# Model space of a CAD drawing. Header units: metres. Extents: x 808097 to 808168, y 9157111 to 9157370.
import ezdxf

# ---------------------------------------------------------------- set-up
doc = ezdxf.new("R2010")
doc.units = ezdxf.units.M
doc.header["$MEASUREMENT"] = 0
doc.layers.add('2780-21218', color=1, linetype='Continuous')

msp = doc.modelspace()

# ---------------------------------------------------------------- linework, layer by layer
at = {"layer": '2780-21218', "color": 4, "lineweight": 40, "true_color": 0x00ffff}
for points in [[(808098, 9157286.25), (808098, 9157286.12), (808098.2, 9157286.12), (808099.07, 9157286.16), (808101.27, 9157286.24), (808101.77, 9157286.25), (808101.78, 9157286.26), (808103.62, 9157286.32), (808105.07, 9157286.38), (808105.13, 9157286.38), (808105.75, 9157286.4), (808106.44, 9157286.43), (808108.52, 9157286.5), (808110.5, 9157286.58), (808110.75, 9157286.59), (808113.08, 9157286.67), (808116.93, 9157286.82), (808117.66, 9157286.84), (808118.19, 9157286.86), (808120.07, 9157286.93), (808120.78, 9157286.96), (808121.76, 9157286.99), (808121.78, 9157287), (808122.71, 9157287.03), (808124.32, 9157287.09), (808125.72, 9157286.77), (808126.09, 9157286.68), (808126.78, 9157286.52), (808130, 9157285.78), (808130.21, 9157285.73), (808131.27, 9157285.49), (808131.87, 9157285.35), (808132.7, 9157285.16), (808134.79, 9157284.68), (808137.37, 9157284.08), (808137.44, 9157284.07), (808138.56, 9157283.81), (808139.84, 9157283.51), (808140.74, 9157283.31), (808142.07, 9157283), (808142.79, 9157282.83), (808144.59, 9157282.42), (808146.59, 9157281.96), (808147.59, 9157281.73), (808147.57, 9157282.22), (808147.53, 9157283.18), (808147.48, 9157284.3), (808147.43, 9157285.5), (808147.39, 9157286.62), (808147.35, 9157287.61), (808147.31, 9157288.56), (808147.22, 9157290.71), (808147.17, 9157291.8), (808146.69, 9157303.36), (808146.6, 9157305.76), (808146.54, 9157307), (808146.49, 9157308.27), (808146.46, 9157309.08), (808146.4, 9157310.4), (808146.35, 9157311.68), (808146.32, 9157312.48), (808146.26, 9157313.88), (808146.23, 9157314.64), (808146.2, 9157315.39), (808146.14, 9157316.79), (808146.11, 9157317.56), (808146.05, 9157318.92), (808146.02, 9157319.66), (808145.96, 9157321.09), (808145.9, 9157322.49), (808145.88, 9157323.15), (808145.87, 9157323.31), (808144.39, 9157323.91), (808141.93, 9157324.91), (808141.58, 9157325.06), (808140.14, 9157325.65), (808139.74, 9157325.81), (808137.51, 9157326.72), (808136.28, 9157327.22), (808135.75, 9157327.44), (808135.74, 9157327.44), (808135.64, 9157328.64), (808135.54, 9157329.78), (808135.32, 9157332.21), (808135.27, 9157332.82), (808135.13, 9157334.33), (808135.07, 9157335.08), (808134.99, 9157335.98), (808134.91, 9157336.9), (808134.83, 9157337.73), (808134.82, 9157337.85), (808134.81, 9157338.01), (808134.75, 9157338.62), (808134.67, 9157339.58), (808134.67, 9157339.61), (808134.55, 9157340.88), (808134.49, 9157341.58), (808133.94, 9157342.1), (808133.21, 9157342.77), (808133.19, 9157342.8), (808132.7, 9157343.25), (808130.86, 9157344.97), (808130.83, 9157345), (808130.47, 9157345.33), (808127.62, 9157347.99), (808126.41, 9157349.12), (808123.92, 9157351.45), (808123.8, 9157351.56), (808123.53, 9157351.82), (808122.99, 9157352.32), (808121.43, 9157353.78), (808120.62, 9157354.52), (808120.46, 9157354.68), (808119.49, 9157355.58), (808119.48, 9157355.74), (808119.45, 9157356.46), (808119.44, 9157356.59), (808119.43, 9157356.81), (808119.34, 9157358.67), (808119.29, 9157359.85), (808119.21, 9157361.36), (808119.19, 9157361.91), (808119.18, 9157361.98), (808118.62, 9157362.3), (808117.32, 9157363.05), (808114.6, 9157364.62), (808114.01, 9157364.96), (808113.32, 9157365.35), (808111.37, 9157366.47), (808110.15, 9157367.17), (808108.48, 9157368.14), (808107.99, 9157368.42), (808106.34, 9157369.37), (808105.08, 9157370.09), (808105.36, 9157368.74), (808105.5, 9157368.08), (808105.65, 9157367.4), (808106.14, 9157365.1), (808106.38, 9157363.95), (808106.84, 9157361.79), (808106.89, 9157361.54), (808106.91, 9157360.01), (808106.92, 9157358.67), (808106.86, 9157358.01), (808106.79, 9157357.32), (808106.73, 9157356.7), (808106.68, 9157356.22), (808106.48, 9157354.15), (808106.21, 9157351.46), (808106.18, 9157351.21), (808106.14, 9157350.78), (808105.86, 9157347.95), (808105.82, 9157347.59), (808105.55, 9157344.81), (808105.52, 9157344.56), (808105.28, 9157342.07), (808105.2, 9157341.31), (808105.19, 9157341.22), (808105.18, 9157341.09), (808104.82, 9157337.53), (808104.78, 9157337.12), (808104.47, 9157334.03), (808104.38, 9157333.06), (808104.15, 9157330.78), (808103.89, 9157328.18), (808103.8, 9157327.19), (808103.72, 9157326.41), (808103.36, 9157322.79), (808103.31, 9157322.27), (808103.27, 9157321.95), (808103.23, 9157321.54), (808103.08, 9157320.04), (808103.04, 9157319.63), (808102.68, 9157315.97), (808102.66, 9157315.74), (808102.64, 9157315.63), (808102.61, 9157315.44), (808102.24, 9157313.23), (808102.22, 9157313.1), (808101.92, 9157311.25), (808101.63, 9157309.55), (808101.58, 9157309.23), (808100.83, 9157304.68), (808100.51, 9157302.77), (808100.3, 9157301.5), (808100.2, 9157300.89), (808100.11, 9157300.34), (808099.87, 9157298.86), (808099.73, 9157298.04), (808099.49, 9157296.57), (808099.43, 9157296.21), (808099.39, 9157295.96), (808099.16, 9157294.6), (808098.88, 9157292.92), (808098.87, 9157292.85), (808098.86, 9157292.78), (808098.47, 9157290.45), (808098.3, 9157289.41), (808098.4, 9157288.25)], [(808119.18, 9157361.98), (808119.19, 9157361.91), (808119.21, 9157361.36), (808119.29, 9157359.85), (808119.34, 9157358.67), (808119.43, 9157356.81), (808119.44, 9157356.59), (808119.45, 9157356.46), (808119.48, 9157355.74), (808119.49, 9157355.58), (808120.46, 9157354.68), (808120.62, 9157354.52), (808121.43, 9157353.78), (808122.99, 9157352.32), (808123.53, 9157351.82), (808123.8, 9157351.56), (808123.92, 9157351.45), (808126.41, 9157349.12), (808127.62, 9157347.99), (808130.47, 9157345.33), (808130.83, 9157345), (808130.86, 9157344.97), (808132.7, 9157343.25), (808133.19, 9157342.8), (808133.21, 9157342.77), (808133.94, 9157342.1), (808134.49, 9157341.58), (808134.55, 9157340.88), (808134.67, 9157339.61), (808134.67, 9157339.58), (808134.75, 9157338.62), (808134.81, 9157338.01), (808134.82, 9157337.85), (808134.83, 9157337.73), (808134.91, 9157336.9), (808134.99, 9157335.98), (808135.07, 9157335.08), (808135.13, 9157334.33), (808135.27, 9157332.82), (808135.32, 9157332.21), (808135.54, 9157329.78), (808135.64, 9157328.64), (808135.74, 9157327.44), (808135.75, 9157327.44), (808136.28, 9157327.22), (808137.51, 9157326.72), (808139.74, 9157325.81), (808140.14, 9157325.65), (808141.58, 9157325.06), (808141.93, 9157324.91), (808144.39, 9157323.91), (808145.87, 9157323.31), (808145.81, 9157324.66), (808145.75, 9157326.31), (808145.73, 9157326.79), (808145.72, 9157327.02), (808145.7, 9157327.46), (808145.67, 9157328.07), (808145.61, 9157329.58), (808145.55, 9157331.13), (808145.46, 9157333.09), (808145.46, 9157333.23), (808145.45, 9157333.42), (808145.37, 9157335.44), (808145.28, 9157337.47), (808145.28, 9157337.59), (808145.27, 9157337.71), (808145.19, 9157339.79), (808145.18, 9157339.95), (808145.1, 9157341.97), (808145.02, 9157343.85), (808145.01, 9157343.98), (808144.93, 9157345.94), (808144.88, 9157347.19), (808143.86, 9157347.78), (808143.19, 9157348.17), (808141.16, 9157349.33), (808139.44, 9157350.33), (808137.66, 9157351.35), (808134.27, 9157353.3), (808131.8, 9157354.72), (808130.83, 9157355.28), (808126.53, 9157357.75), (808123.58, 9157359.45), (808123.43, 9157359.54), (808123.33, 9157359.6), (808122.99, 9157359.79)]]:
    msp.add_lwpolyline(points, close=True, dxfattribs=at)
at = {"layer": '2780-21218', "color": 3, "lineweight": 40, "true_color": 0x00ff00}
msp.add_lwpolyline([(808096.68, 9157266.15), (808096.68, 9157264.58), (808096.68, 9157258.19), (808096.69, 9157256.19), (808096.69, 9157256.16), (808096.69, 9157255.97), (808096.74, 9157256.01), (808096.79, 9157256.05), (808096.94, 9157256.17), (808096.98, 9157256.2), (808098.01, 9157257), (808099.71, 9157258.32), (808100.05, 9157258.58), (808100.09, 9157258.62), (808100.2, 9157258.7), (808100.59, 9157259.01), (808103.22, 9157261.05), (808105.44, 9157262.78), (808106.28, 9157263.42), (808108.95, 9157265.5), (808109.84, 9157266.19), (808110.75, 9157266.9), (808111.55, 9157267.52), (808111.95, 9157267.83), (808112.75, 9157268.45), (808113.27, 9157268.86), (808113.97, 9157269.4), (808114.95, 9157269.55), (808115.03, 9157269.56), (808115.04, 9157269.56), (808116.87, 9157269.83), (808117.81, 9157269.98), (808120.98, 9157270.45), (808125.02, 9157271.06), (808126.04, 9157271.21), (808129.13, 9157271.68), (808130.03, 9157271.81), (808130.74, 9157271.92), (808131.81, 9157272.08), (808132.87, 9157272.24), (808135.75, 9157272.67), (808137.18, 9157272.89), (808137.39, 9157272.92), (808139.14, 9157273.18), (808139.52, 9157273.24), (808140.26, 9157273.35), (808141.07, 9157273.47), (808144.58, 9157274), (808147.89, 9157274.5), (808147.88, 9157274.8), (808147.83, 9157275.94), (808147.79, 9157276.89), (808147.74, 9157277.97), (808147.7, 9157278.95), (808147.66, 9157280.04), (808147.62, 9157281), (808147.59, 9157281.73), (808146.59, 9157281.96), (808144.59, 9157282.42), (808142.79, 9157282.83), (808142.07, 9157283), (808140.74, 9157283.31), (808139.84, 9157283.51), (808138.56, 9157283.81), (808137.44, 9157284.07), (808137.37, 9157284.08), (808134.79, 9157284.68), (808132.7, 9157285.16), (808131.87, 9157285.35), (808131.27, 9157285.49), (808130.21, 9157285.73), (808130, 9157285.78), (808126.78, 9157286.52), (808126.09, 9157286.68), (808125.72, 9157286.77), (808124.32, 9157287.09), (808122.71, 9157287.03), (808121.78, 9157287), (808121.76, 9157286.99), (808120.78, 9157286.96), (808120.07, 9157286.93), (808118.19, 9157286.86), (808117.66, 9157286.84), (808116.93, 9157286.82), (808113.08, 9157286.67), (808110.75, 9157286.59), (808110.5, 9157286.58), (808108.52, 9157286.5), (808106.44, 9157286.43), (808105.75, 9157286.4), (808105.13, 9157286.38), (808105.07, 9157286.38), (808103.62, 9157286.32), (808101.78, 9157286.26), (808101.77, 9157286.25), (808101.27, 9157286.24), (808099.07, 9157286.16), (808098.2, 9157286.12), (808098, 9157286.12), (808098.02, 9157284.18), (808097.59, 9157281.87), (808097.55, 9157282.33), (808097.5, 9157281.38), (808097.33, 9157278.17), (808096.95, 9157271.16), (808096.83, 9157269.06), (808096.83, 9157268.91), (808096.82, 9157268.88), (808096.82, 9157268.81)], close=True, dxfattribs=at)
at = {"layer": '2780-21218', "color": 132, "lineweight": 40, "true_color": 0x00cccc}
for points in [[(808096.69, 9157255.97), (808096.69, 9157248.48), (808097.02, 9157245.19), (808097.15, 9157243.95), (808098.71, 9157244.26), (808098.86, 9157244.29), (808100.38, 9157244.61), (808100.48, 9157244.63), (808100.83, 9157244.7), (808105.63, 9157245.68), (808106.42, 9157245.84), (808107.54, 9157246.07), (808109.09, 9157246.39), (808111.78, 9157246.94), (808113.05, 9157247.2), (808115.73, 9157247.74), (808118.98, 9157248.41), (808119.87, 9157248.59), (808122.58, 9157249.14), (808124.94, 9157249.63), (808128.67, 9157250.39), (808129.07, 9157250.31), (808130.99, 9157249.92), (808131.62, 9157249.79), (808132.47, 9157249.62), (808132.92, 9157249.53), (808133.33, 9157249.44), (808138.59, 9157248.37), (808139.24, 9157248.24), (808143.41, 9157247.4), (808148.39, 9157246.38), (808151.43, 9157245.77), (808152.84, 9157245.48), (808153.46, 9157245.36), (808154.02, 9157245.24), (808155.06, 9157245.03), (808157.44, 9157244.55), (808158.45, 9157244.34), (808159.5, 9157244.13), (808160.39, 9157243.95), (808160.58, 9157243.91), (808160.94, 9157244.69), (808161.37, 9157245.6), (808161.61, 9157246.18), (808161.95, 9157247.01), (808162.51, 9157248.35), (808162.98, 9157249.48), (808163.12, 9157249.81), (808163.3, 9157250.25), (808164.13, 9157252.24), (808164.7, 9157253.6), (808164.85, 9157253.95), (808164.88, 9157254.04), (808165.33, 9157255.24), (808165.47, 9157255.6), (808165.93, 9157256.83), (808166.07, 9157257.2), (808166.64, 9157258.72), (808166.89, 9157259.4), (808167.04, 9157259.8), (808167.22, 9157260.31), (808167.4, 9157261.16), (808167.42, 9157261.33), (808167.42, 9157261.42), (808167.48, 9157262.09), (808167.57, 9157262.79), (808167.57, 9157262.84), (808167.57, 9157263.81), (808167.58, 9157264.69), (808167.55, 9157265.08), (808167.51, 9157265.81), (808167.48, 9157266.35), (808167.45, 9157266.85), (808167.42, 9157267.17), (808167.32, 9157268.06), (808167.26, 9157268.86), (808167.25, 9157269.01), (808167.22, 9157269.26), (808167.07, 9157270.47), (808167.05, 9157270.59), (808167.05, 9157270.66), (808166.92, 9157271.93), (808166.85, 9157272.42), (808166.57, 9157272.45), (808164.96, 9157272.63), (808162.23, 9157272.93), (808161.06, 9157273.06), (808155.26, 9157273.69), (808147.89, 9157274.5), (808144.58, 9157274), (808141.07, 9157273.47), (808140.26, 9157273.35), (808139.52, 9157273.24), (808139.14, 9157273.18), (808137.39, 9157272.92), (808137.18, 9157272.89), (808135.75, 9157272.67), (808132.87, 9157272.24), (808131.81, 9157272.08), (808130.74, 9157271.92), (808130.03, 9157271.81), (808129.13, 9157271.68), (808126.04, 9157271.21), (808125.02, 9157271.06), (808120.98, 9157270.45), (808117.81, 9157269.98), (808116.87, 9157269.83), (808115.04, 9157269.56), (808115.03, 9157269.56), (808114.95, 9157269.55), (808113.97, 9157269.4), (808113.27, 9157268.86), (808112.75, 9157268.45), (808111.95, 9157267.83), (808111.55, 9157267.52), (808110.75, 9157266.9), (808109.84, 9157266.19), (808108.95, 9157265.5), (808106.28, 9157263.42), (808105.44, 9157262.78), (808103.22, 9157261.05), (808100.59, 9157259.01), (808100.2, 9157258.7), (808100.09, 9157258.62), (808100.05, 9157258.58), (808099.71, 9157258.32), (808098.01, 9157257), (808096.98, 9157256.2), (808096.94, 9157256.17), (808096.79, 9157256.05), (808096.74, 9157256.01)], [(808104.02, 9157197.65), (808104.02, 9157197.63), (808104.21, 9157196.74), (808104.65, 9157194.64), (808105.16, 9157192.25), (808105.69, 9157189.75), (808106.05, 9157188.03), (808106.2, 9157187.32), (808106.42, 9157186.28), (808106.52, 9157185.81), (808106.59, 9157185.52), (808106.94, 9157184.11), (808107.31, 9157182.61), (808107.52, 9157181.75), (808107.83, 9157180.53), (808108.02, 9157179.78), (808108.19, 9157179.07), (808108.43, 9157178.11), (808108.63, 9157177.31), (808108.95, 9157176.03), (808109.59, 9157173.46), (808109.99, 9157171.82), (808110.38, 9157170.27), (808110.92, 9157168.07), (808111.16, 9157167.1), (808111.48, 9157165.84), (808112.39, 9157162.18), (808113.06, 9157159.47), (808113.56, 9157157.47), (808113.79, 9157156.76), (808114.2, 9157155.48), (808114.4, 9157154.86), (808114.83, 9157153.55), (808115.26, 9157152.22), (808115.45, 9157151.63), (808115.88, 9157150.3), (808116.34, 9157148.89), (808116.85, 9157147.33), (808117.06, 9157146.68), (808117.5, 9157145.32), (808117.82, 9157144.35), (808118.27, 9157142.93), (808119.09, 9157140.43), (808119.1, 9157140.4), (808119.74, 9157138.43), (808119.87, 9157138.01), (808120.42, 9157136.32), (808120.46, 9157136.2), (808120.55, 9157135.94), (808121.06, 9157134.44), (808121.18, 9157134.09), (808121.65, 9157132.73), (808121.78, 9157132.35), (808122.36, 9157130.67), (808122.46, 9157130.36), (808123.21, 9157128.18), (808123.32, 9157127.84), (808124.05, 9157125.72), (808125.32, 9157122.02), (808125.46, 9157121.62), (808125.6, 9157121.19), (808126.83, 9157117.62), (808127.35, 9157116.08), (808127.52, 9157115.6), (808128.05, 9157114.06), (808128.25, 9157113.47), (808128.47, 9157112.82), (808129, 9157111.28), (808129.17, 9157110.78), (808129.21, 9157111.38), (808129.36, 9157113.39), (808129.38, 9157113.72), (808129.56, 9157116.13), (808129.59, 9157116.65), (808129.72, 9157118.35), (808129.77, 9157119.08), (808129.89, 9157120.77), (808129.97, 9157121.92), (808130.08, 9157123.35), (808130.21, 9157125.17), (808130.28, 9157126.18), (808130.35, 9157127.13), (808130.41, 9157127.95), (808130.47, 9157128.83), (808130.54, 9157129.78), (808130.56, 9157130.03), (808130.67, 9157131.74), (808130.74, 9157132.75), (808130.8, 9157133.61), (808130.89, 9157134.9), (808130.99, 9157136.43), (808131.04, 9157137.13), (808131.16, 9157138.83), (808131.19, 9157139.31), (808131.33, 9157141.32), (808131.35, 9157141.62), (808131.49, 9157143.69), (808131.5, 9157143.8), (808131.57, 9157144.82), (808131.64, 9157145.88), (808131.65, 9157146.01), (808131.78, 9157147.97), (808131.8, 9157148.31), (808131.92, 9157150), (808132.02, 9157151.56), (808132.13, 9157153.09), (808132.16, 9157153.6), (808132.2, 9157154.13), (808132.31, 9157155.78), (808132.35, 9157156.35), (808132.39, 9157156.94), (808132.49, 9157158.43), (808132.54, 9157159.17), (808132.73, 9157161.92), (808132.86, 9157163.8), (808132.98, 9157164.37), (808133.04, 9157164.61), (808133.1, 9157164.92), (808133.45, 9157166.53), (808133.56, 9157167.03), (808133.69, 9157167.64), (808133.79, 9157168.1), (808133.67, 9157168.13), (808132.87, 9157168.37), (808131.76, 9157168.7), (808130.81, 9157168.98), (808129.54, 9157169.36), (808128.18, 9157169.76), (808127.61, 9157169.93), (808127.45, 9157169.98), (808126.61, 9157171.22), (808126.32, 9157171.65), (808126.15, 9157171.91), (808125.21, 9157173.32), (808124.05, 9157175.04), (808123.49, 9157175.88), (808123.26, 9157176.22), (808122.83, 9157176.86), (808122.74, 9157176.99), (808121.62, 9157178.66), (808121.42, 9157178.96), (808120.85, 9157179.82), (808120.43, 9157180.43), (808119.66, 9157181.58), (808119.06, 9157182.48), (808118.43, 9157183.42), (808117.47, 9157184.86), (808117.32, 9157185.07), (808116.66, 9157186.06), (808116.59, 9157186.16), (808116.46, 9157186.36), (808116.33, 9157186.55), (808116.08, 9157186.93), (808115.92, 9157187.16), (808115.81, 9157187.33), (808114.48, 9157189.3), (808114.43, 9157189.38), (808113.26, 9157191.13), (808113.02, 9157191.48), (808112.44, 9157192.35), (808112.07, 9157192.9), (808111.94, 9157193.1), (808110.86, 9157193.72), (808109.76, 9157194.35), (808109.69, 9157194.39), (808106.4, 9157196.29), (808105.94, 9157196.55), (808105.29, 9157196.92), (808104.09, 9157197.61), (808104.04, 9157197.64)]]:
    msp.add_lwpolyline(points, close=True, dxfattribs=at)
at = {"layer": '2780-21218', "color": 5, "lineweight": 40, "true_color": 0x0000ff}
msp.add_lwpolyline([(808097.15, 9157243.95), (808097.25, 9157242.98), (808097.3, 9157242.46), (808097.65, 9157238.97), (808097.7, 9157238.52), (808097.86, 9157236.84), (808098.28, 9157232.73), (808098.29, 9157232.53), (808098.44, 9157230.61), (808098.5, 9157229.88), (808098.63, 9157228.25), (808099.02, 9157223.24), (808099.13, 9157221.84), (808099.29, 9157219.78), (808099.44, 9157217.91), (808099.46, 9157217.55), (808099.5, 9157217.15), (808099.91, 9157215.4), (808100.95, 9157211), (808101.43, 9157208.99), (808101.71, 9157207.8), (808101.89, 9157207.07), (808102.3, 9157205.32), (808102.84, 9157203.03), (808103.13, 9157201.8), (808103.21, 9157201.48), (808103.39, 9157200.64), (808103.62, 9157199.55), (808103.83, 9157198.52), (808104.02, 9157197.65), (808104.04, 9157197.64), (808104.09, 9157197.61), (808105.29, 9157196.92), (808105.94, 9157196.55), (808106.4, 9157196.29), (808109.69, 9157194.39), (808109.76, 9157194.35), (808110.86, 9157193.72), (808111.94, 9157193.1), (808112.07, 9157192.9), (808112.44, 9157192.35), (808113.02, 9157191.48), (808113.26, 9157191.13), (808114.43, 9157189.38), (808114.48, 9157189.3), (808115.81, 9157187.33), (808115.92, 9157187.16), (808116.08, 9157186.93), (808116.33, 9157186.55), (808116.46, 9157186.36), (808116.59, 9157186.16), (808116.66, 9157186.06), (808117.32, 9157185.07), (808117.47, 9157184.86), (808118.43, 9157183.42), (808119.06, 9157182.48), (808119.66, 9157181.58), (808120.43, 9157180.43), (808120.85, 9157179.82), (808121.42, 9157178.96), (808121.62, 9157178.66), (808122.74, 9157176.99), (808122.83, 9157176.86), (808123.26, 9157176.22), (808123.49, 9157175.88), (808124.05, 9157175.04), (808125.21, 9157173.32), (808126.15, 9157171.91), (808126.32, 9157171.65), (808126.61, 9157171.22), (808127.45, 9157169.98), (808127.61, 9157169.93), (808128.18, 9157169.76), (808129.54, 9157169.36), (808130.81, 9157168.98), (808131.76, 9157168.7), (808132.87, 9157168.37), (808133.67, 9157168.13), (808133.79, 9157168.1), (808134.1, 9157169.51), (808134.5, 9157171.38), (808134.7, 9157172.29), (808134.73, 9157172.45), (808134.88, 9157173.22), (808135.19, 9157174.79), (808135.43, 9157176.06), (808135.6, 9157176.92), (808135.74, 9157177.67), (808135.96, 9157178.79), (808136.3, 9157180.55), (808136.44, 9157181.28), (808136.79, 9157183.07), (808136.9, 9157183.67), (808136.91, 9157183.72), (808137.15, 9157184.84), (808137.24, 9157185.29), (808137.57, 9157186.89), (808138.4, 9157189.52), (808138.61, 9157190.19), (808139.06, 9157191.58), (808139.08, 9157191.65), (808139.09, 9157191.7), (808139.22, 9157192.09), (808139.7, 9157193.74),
§
> _What is being asked_:
What you return should be the lines from the start of the data through the line with "doc.units = ezdxf.units.M", quoted exactly and nothing more.

> _Answer box_:
# Model space of a CAD drawing. Header units: metres. Extents: x 808097 to 808168, y 9157111 to 9157370.
import ezdxf

# ---------------------------------------------------------------- set-up
doc = ezdxf.new("R2010")
doc.units = ezdxf.units.M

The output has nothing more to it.